# camshaft nitriding



## Chris-Austria (Dec 23, 2010)

Hi!

What do you think of that?
My engine builder wants to harden the cam because of some bad experience in the last time most because of the low zinc engine oil I guess.
This is what CompCams offers: Pro Plasma™ Nitriding Process
Pretty much the same as what he would do..

Chris


----------



## BearGFR (Aug 25, 2008)

It's not a bad idea if you're concerned about the oil. Another solution is to just be careful which oil you use, and/or to add zddp additive to it. I run Shell Rotella T 15w-40 in my car, even though I've got a roller cam.

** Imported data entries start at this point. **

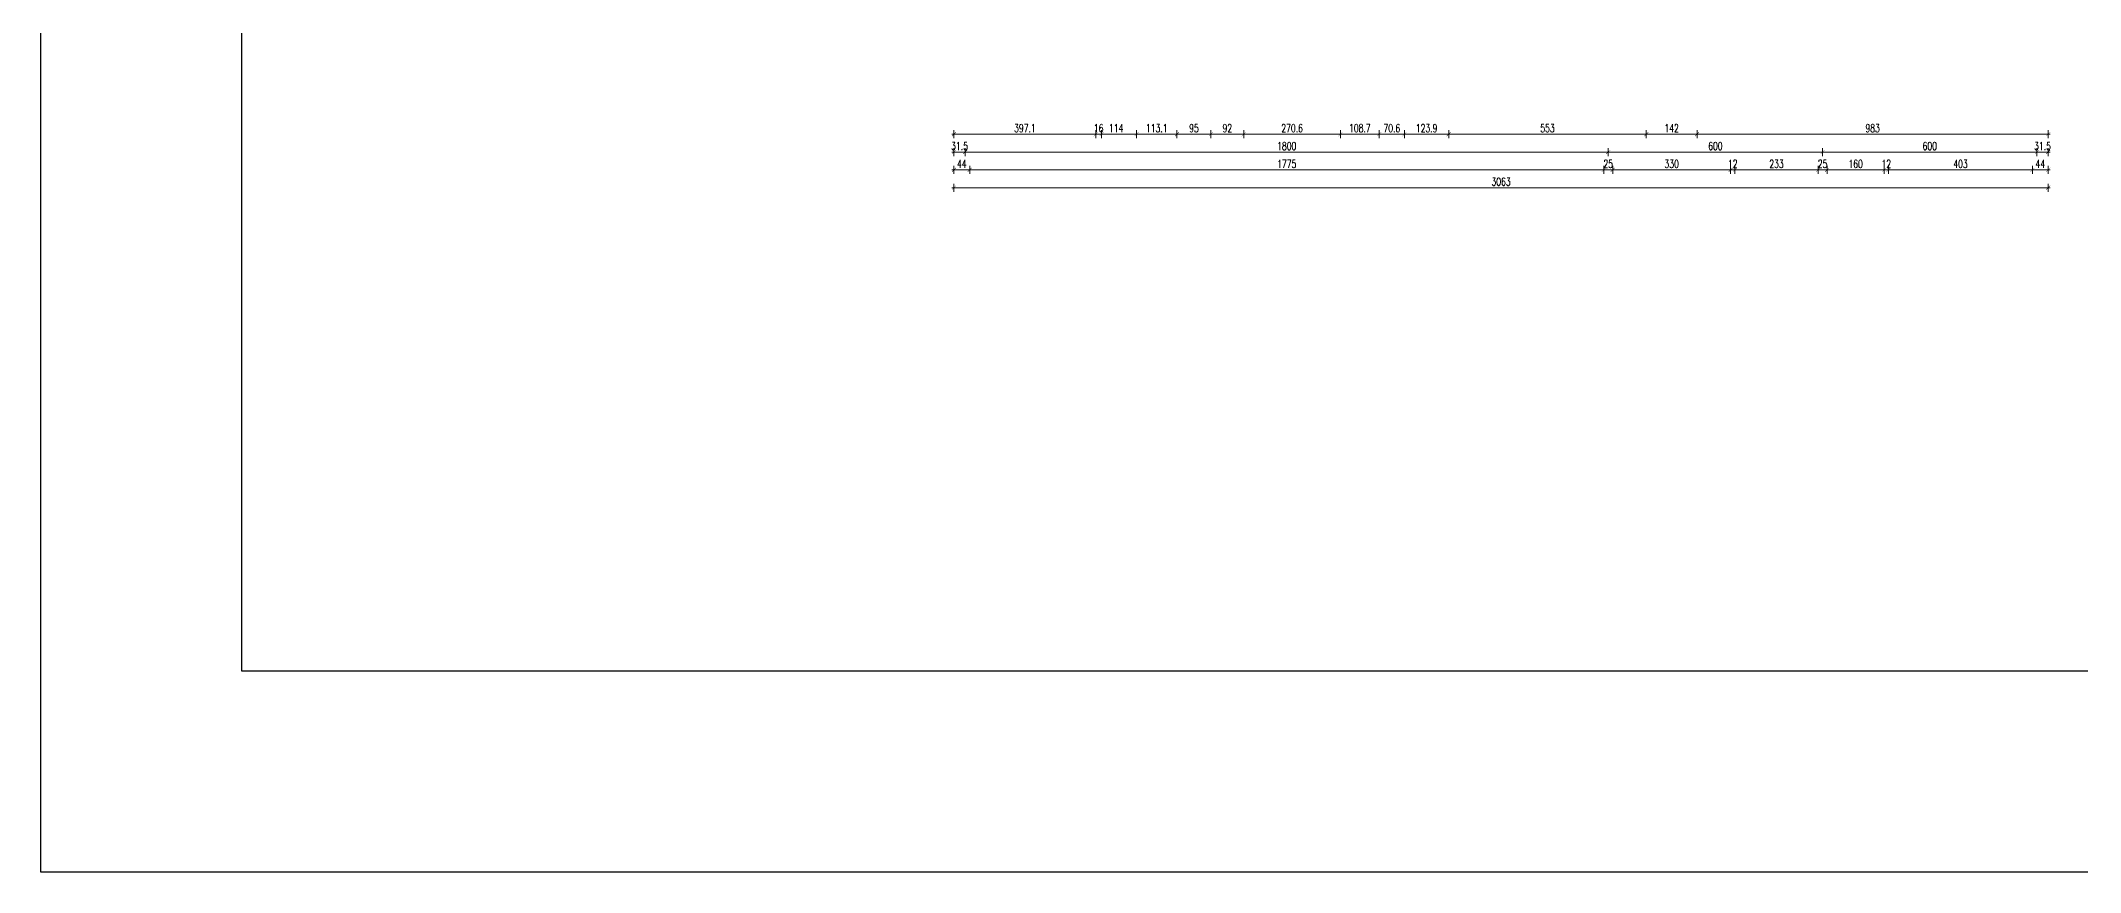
# Model space of a CAD drawing. Header units: millimetres. Extents: x -105266 to 178069, y 491 to 168574.
# Drawn here: x 5773 to 11482, y 24846 to 27174 of the extents above; entities that cross this region are included whole.
import ezdxf

# ---------------------------------------------------------------- set-up
doc = ezdxf.new("R2010")
doc.units = ezdxf.units.MM
doc.layers.get('defpoints').update_dxf_attribs({"color": 4})
doc.layers.add('A10_OPIS', color=4, linetype='Continuous', lineweight=15)
doc.styles.add('ROMANS', font='romans', dxfattribs={"width": 0.7})
doc.dimstyles.new('PM-100', dxfattribs={"dimscale": 2.8, "dimtxt": 8, "dimasz": 0.5, "dimexe": 0, "dimexo": 0, "dimgap": 2, "dimtad": 1, "dimdec": 1, "dimrnd": 0.1, "dimzin": 13, "dimdsep": 46, "dimtxsty": 'ROMANS', "dimblk": 'Q', "dimcen": 0, "dimse1": 1, "dimse2": 1, "dimclrd": 256, "dimclre": 251, "dimclrt": 41, "dimadec": 1, "dimazin": 0, "dimtfac": 1, "dimtdec": 1, "dimtix": 1, "dimtmove": 1, "dimatfit": 0, "dimldrblk": 'NONE', "dimfxl": 1, "dimtolj": 1, "dimtzin": 13, "dimlwd": -1, "dimlwe": 0, "dimarcsym": 0})

# ---------------------------------------------------------------- blocks, each defined once
blk = doc.blocks.new('Q')
for p, q in [((-4, 0), (4, 0)), ((0, 8), (0, -8))]:
    blk.add_line(p, q)
at = {"const_width": 0.7}
blk.add_lwpolyline([(4, 4), (-4, -4)], dxfattribs=at)
blk = doc.blocks.new('*D496')
at = {"layer": 'A10_OPIS', "transparency": 16777216}
blk.add_line((8331, 26913), (8725.3, 26913), dxfattribs=at)
at = {"layer": 'defpoints', "color": 0, "transparency": 16777216}
for p in [(8329.6, 27463), (8726.7, 27157), (8726.7, 26913)]:
    blk.add_point(p, dxfattribs=at)
at = {"layer": 'A10_OPIS', "transparency": 16777216, "xscale": 1.399999999999999, "yscale": 1.399999999999999, "zscale": 1.399999999999999, "rotation": 180}
blk.add_blockref('Q', (8329.6, 26913), dxfattribs=at)
at = {"layer": 'A10_OPIS', "transparency": 16777216, "xscale": 1.399999999999999, "yscale": 1.399999999999999, "zscale": 1.399999999999999}
blk.add_blockref('Q', (8726.7, 26913), dxfattribs=at)
at = {"layer": 'A10_OPIS', "color": 41, "transparency": 16777216, "insert": (8528.2, 26929.8), "char_height": 22.4, "attachment_point": 5, "style": 'ROMANS'}
blk.add_mtext('\\A1;397.1', dxfattribs=at)
blk = doc.blocks.new('_None')
blk = doc.blocks.new('*D497')
at = {"layer": 'A10_OPIS', "transparency": 16777216}
for p, q in [((8725.3, 26913), (8723.9, 26913)), ((8726.7, 26913), (8742.7, 26913)), ((8744.1, 26913), (8745.5, 26913))]:
    blk.add_line(p, q, dxfattribs=at)
at = {"layer": 'defpoints', "color": 0, "transparency": 16777216}
for p in [(8726.7, 27157), (8742.7, 27132), (8742.7, 26913)]:
    blk.add_point(p, dxfattribs=at)
at = {"layer": 'A10_OPIS', "transparency": 16777216, "xscale": 1.399999999999999, "yscale": 1.399999999999999, "zscale": 1.399999999999999}
blk.add_blockref('Q', (8726.7, 26913), dxfattribs=at)
at = {"layer": 'A10_OPIS', "transparency": 16777216, "xscale": 1.399999999999999, "yscale": 1.399999999999999, "zscale": 1.399999999999999, "rotation": 180}
blk.add_blockref('Q', (8742.7, 26913), dxfattribs=at)
at = {"layer": 'A10_OPIS', "color": 41, "transparency": 16777216, "insert": (8734.7, 26929.8), "char_height": 22.4, "attachment_point": 5, "style": 'ROMANS'}
blk.add_mtext('\\A1;16', dxfattribs=at)
blk = doc.blocks.new('*D498')
at = {"layer": 'A10_OPIS', "transparency": 16777216}
blk.add_line((8728.1, 26913), (8839.3, 26913), dxfattribs=at)
at = {"layer": 'defpoints', "color": 0, "transparency": 16777216}
for p in [(8726.7, 27157), (8840.7, 27132), (8840.7, 26913)]:
    blk.add_point(p, dxfattribs=at)
at = {"layer": 'A10_OPIS', "transparency": 16777216, "xscale": 1.399999999999999, "yscale": 1.399999999999999, "zscale": 1.399999999999999, "rotation": 180}
blk.add_blockref('Q', (8726.7, 26913), dxfattribs=at)
at = {"layer": 'A10_OPIS', "transparency": 16777216, "xscale": 1.399999999999999, "yscale": 1.399999999999999, "zscale": 1.399999999999999}
blk.add_blockref('Q', (8840.7, 26913), dxfattribs=at)
at = {"layer": 'A10_OPIS', "color": 41, "transparency": 16777216, "insert": (8783.7, 26929.8), "char_height": 22.4, "attachment_point": 5, "style": 'ROMANS'}
blk.add_mtext('\\A1;114', dxfattribs=at)
blk = doc.blocks.new('*D499')
at = {"layer": 'A10_OPIS', "transparency": 16777216}
blk.add_line((8842.1, 26913), (8952.5, 26913), dxfattribs=at)
at = {"layer": 'defpoints', "color": 0, "transparency": 16777216}
for p in [(8840.7, 27132), (8953.9, 27132), (8953.9, 26913)]:
    blk.add_point(p, dxfattribs=at)
at = {"layer": 'A10_OPIS', "transparency": 16777216, "xscale": 1.399999999999999, "yscale": 1.399999999999999, "zscale": 1.399999999999999, "rotation": 180}
blk.add_blockref('Q', (8840.7, 26913), dxfattribs=at)
at = {"layer": 'A10_OPIS', "transparency": 16777216, "xscale": 1.399999999999999, "yscale": 1.399999999999999, "zscale": 1.399999999999999}
blk.add_blockref('Q', (8953.9, 26913), dxfattribs=at)
at = {"layer": 'A10_OPIS', "color": 41, "transparency": 16777216, "insert": (8897.3, 26929.8), "char_height": 22.4, "attachment_point": 5, "style": 'ROMANS'}
blk.add_mtext('\\A1;113.1', dxfattribs=at)
blk = doc.blocks.new('*D500')
at = {"layer": 'A10_OPIS', "transparency": 16777216}
blk.add_line((8955.3, 26913), (9047.5, 26913), dxfattribs=at)
at = {"layer": 'defpoints', "color": 0, "transparency": 16777216}
for p in [(8953.9, 27132), (9048.9, 27132), (9048.9, 26913)]:
    blk.add_point(p, dxfattribs=at)
at = {"layer": 'A10_OPIS', "transparency": 16777216, "xscale": 1.399999999999999, "yscale": 1.399999999999999, "zscale": 1.399999999999999, "rotation": 180}
blk.add_blockref('Q', (8953.9, 26913), dxfattribs=at)
at = {"layer": 'A10_OPIS', "transparency": 16777216, "xscale": 1.399999999999999, "yscale": 1.399999999999999, "zscale": 1.399999999999999}
blk.add_blockref('Q', (9048.9, 26913), dxfattribs=at)
at = {"layer": 'A10_OPIS', "color": 41, "transparency": 16777216, "insert": (9001.4, 26929.8), "char_height": 22.4, "attachment_point": 5, "style": 'ROMANS'}
blk.add_mtext('\\A1;95', dxfattribs=at)
blk = doc.blocks.new('*D501')
at = {"layer": 'A10_OPIS', "transparency": 16777216}
blk.add_line((9050.3, 26913), (9139.5, 26913), dxfattribs=at)
at = {"layer": 'defpoints', "color": 0, "transparency": 16777216}
for p in [(9048.9, 27132), (9140.9, 27113), (9140.9, 26913)]:
    blk.add_point(p, dxfattribs=at)
at = {"layer": 'A10_OPIS', "transparency": 16777216, "xscale": 1.399999999999999, "yscale": 1.399999999999999, "zscale": 1.399999999999999, "rotation": 180}
blk.add_blockref('Q', (9048.9, 26913), dxfattribs=at)
at = {"layer": 'A10_OPIS', "transparency": 16777216, "xscale": 1.399999999999999, "yscale": 1.399999999999999, "zscale": 1.399999999999999}
blk.add_blockref('Q', (9140.9, 26913), dxfattribs=at)
at = {"layer": 'A10_OPIS', "color": 41, "transparency": 16777216, "insert": (9094.9, 26929.8), "char_height": 22.4, "attachment_point": 5, "style": 'ROMANS'}
blk.add_mtext('\\A1;92', dxfattribs=at)
blk = doc.blocks.new('*D502')
at = {"layer": 'A10_OPIS', "transparency": 16777216}
blk.add_line((9142.3, 26913), (9410.1, 26913), dxfattribs=at)
at = {"layer": 'defpoints', "color": 0, "transparency": 16777216}
for p in [(9140.9, 27113), (9411.5, 27113), (9411.5, 26913)]:
    blk.add_point(p, dxfattribs=at)
at = {"layer": 'A10_OPIS', "transparency": 16777216, "xscale": 1.399999999999999, "yscale": 1.399999999999999, "zscale": 1.399999999999999, "rotation": 180}
blk.add_blockref('Q', (9140.9, 26913), dxfattribs=at)
at = {"layer": 'A10_OPIS', "transparency": 16777216, "xscale": 1.399999999999999, "yscale": 1.399999999999999, "zscale": 1.399999999999999}
blk.add_blockref('Q', (9411.5, 26913), dxfattribs=at)
at = {"layer": 'A10_OPIS', "color": 41, "transparency": 16777216, "insert": (9276.2, 26929.8), "char_height": 22.4, "attachment_point": 5, "style": 'ROMANS'}
blk.add_mtext('\\A1;270.6', dxfattribs=at)
blk = doc.blocks.new('*D503')
at = {"layer": 'A10_OPIS', "transparency": 16777216}
blk.add_line((9412.9, 26913), (9518.7, 26913), dxfattribs=at)
at = {"layer": 'defpoints', "color": 0, "transparency": 16777216}
for p in [(9411.5, 27113), (9520.1, 27113), (9520.1, 26913)]:
    blk.add_point(p, dxfattribs=at)
at = {"layer": 'A10_OPIS', "transparency": 16777216, "xscale": 1.399999999999999, "yscale": 1.399999999999999, "zscale": 1.399999999999999, "rotation": 180}
blk.add_blockref('Q', (9411.5, 26913), dxfattribs=at)
at = {"layer": 'A10_OPIS', "transparency": 16777216, "xscale": 1.399999999999999, "yscale": 1.399999999999999, "zscale": 1.399999999999999}
blk.add_blockref('Q', (9520.1, 26913), dxfattribs=at)
at = {"layer": 'A10_OPIS', "color": 41, "transparency": 16777216, "insert": (9465.8, 26929.8), "char_height": 22.4, "attachment_point": 5, "style": 'ROMANS'}
blk.add_mtext('\\A1;108.7', dxfattribs=at)
blk = doc.blocks.new('*D504')
at = {"layer": 'A10_OPIS', "transparency": 16777216}
blk.add_line((9521.5, 26913), (9589.3, 26913), dxfattribs=at)
at = {"layer": 'defpoints', "color": 0, "transparency": 16777216}
for p in [(9520.1, 27113), (9590.7, 27113), (9590.7, 26913)]:
    blk.add_point(p, dxfattribs=at)
at = {"layer": 'A10_OPIS', "transparency": 16777216, "xscale": 1.399999999999999, "yscale": 1.399999999999999, "zscale": 1.399999999999999, "rotation": 180}
blk.add_blockref('Q', (9520.1, 26913), dxfattribs=at)
at = {"layer": 'A10_OPIS', "transparency": 16777216, "xscale": 1.399999999999999, "yscale": 1.399999999999999, "zscale": 1.399999999999999}
blk.add_blockref('Q', (9590.7, 26913), dxfattribs=at)
at = {"layer": 'A10_OPIS', "color": 41, "transparency": 16777216, "insert": (9555.4, 26929.8), "char_height": 22.4, "attachment_point": 5, "style": 'ROMANS'}
blk.add_mtext('\\A1;70.6', dxfattribs=at)
blk = doc.blocks.new('*D505')
at = {"layer": 'A10_OPIS', "transparency": 16777216}
blk.add_line((9592.1, 26913), (9713.2, 26913), dxfattribs=at)
at = {"layer": 'defpoints', "color": 0, "transparency": 16777216}
for p in [(9590.7, 27113), (9714.6, 27113), (9714.6, 26913)]:
    blk.add_point(p, dxfattribs=at)
at = {"layer": 'A10_OPIS', "transparency": 16777216, "xscale": 1.399999999999999, "yscale": 1.399999999999999, "zscale": 1.399999999999999, "rotation": 180}
blk.add_blockref('Q', (9590.7, 26913), dxfattribs=at)
at = {"layer": 'A10_OPIS', "transparency": 16777216, "xscale": 1.399999999999999, "yscale": 1.399999999999999, "zscale": 1.399999999999999}
blk.add_blockref('Q', (9714.6, 26913), dxfattribs=at)
at = {"layer": 'A10_OPIS', "color": 41, "transparency": 16777216, "insert": (9652.7, 26929.8), "char_height": 22.4, "attachment_point": 5, "style": 'ROMANS'}
blk.add_mtext('\\A1;123.9', dxfattribs=at)
blk = doc.blocks.new('*D506')
at = {"layer": 'A10_OPIS', "transparency": 16777216}
blk.add_line((9716, 26913), (10266.2, 26913), dxfattribs=at)
at = {"layer": 'defpoints', "color": 0, "transparency": 16777216}
for p in [(9714.6, 27113), (10267.6, 27113), (10267.6, 26913)]:
    blk.add_point(p, dxfattribs=at)
at = {"layer": 'A10_OPIS', "transparency": 16777216, "xscale": 1.399999999999999, "yscale": 1.399999999999999, "zscale": 1.399999999999999, "rotation": 180}
blk.add_blockref('Q', (9714.6, 26913), dxfattribs=at)
at = {"layer": 'A10_OPIS', "transparency": 16777216, "xscale": 1.399999999999999, "yscale": 1.399999999999999, "zscale": 1.399999999999999}
blk.add_blockref('Q', (10267.6, 26913), dxfattribs=at)
at = {"layer": 'A10_OPIS', "color": 41, "transparency": 16777216, "insert": (9991.1, 26929.8), "char_height": 22.4, "attachment_point": 5, "style": 'ROMANS'}
blk.add_mtext('\\A1;553', dxfattribs=at)
blk = doc.blocks.new('*D507')
at = {"layer": 'A10_OPIS', "transparency": 16777216}
blk.add_line((10269, 26913), (10408.2, 26913), dxfattribs=at)
at = {"layer": 'defpoints', "color": 0, "transparency": 16777216}
for p in [(10267.6, 27113), (10409.6, 27113), (10409.6, 26913)]:
    blk.add_point(p, dxfattribs=at)
at = {"layer": 'A10_OPIS', "transparency": 16777216, "xscale": 1.399999999999999, "yscale": 1.399999999999999, "zscale": 1.399999999999999, "rotation": 180}
blk.add_blockref('Q', (10267.6, 26913), dxfattribs=at)
at = {"layer": 'A10_OPIS', "transparency": 16777216, "xscale": 1.399999999999999, "yscale": 1.399999999999999, "zscale": 1.399999999999999}
blk.add_blockref('Q', (10409.6, 26913), dxfattribs=at)
at = {"layer": 'A10_OPIS', "color": 41, "transparency": 16777216, "insert": (10338.6, 26929.8), "char_height": 22.4, "attachment_point": 5, "style": 'ROMANS'}
blk.add_mtext('\\A1;142', dxfattribs=at)
blk = doc.blocks.new('*D508')
at = {"layer": 'A10_OPIS', "transparency": 16777216}
blk.add_line((10411, 26913), (11391.2, 26913), dxfattribs=at)
at = {"layer": 'defpoints', "color": 0, "transparency": 16777216}
for p in [(10409.6, 27155.4), (11392.6, 27138.5), (11392.6, 26913)]:
    blk.add_point(p, dxfattribs=at)
at = {"layer": 'A10_OPIS', "transparency": 16777216, "xscale": 1.399999999999999, "yscale": 1.399999999999999, "zscale": 1.399999999999999, "rotation": 180}
blk.add_blockref('Q', (10409.6, 26913), dxfattribs=at)
at = {"layer": 'A10_OPIS', "transparency": 16777216, "xscale": 1.399999999999999, "yscale": 1.399999999999999, "zscale": 1.399999999999999}
blk.add_blockref('Q', (11392.6, 26913), dxfattribs=at)
at = {"layer": 'A10_OPIS', "color": 41, "transparency": 16777216, "insert": (10901.1, 26929.8), "char_height": 22.4, "attachment_point": 5, "style": 'ROMANS'}
blk.add_mtext('\\A1;983', dxfattribs=at)
blk = doc.blocks.new('*D525')
at = {"layer": 'A10_OPIS', "transparency": 16777216}
for p, q in [((8328.2, 26863), (8326.8, 26863)), ((8329.6, 26863), (8361.1, 26863)), ((8362.5, 26863), (8363.9, 26863))]:
    blk.add_line(p, q, dxfattribs=at)
at = {"layer": 'defpoints', "color": 0, "transparency": 16777216}
for p in [(8329.6, 27463), (8361.1, 27463), (8361.1, 26863)]:
    blk.add_point(p, dxfattribs=at)
at = {"layer": 'A10_OPIS', "transparency": 16777216, "xscale": 1.399999999999999, "yscale": 1.399999999999999, "zscale": 1.399999999999999}
blk.add_blockref('Q', (8329.6, 26863), dxfattribs=at)
at = {"layer": 'A10_OPIS', "transparency": 16777216, "xscale": 1.399999999999999, "yscale": 1.399999999999999, "zscale": 1.399999999999999, "rotation": 180}
blk.add_blockref('Q', (8361.1, 26863), dxfattribs=at)
at = {"layer": 'A10_OPIS', "color": 41, "transparency": 16777216, "insert": (8345.3, 26879.8), "char_height": 22.4, "attachment_point": 5, "style": 'ROMANS'}
blk.add_mtext('\\A1;31.5', dxfattribs=at)
blk = doc.blocks.new('*D526')
at = {"layer": 'A10_OPIS', "transparency": 16777216}
blk.add_line((8362.5, 26863), (10159.7, 26863), dxfattribs=at)
at = {"layer": 'defpoints', "color": 0, "transparency": 16777216}
for p in [(8361.1, 27463), (10161.1, 27144.5), (10161.1, 26863)]:
    blk.add_point(p, dxfattribs=at)
at = {"layer": 'A10_OPIS', "transparency": 16777216, "xscale": 1.399999999999999, "yscale": 1.399999999999999, "zscale": 1.399999999999999, "rotation": 180}
blk.add_blockref('Q', (8361.1, 26863), dxfattribs=at)
at = {"layer": 'A10_OPIS', "transparency": 16777216, "xscale": 1.399999999999999, "yscale": 1.399999999999999, "zscale": 1.399999999999999}
blk.add_blockref('Q', (10161.1, 26863), dxfattribs=at)
at = {"layer": 'A10_OPIS', "color": 41, "transparency": 16777216, "insert": (9261.1, 26879.8), "char_height": 22.4, "attachment_point": 5, "style": 'ROMANS'}
blk.add_mtext('\\A1;1800', dxfattribs=at)
blk = doc.blocks.new('*D527')
at = {"layer": 'A10_OPIS', "transparency": 16777216}
blk.add_line((10162.5, 26863), (10759.7, 26863), dxfattribs=at)
at = {"layer": 'defpoints', "color": 0, "transparency": 16777216}
for p in [(10161.1, 27144.5), (10761.1, 27144.5), (10761.1, 26863)]:
    blk.add_point(p, dxfattribs=at)
at = {"layer": 'A10_OPIS', "transparency": 16777216, "xscale": 1.399999999999999, "yscale": 1.399999999999999, "zscale": 1.399999999999999, "rotation": 180}
blk.add_blockref('Q', (10161.1, 26863), dxfattribs=at)
at = {"layer": 'A10_OPIS', "transparency": 16777216, "xscale": 1.399999999999999, "yscale": 1.399999999999999, "zscale": 1.399999999999999}
blk.add_blockref('Q', (10761.1, 26863), dxfattribs=at)
at = {"layer": 'A10_OPIS', "color": 41, "transparency": 16777216, "insert": (10461.1, 26879.8), "char_height": 22.4, "attachment_point": 5, "style": 'ROMANS'}
blk.add_mtext('\\A1;600', dxfattribs=at)
blk = doc.blocks.new('*D528')
at = {"layer": 'A10_OPIS', "transparency": 16777216}
blk.add_line((10762.5, 26863), (11359.7, 26863), dxfattribs=at)
at = {"layer": 'defpoints', "color": 0, "transparency": 16777216}
for p in [(10761.1, 27144.5), (11361.1, 27144.5), (11361.1, 26863)]:
    blk.add_point(p, dxfattribs=at)
at = {"layer": 'A10_OPIS', "transparency": 16777216, "xscale": 1.399999999999999, "yscale": 1.399999999999999, "zscale": 1.399999999999999, "rotation": 180}
blk.add_blockref('Q', (10761.1, 26863), dxfattribs=at)
at = {"layer": 'A10_OPIS', "transparency": 16777216, "xscale": 1.399999999999999, "yscale": 1.399999999999999, "zscale": 1.399999999999999}
blk.add_blockref('Q', (11361.1, 26863), dxfattribs=at)
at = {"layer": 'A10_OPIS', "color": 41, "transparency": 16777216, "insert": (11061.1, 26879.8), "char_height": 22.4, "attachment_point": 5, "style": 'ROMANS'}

Another important point in case your engine builder doesn't already know this, is for the first fire-up and cam break in process, run the engine with the outer valve springs -only- (remove the inners). Once you've got the critical first half-hour out of the way and the cam is broken in, re-install the inner springs and you'll be set to go.

Bear


----------



## Chris-Austria (Dec 23, 2010)

Thank you Bear. I also thought that a good oil with ZDDP will do the trick, but he was worried about the break in even with the break in oil and the engine at 2200rpm for 20 minutes. I'll call him tomorrow and ask for more details.
I thought I can use the cam out of the box and it will be fine with ZDDP added to the oil.


----------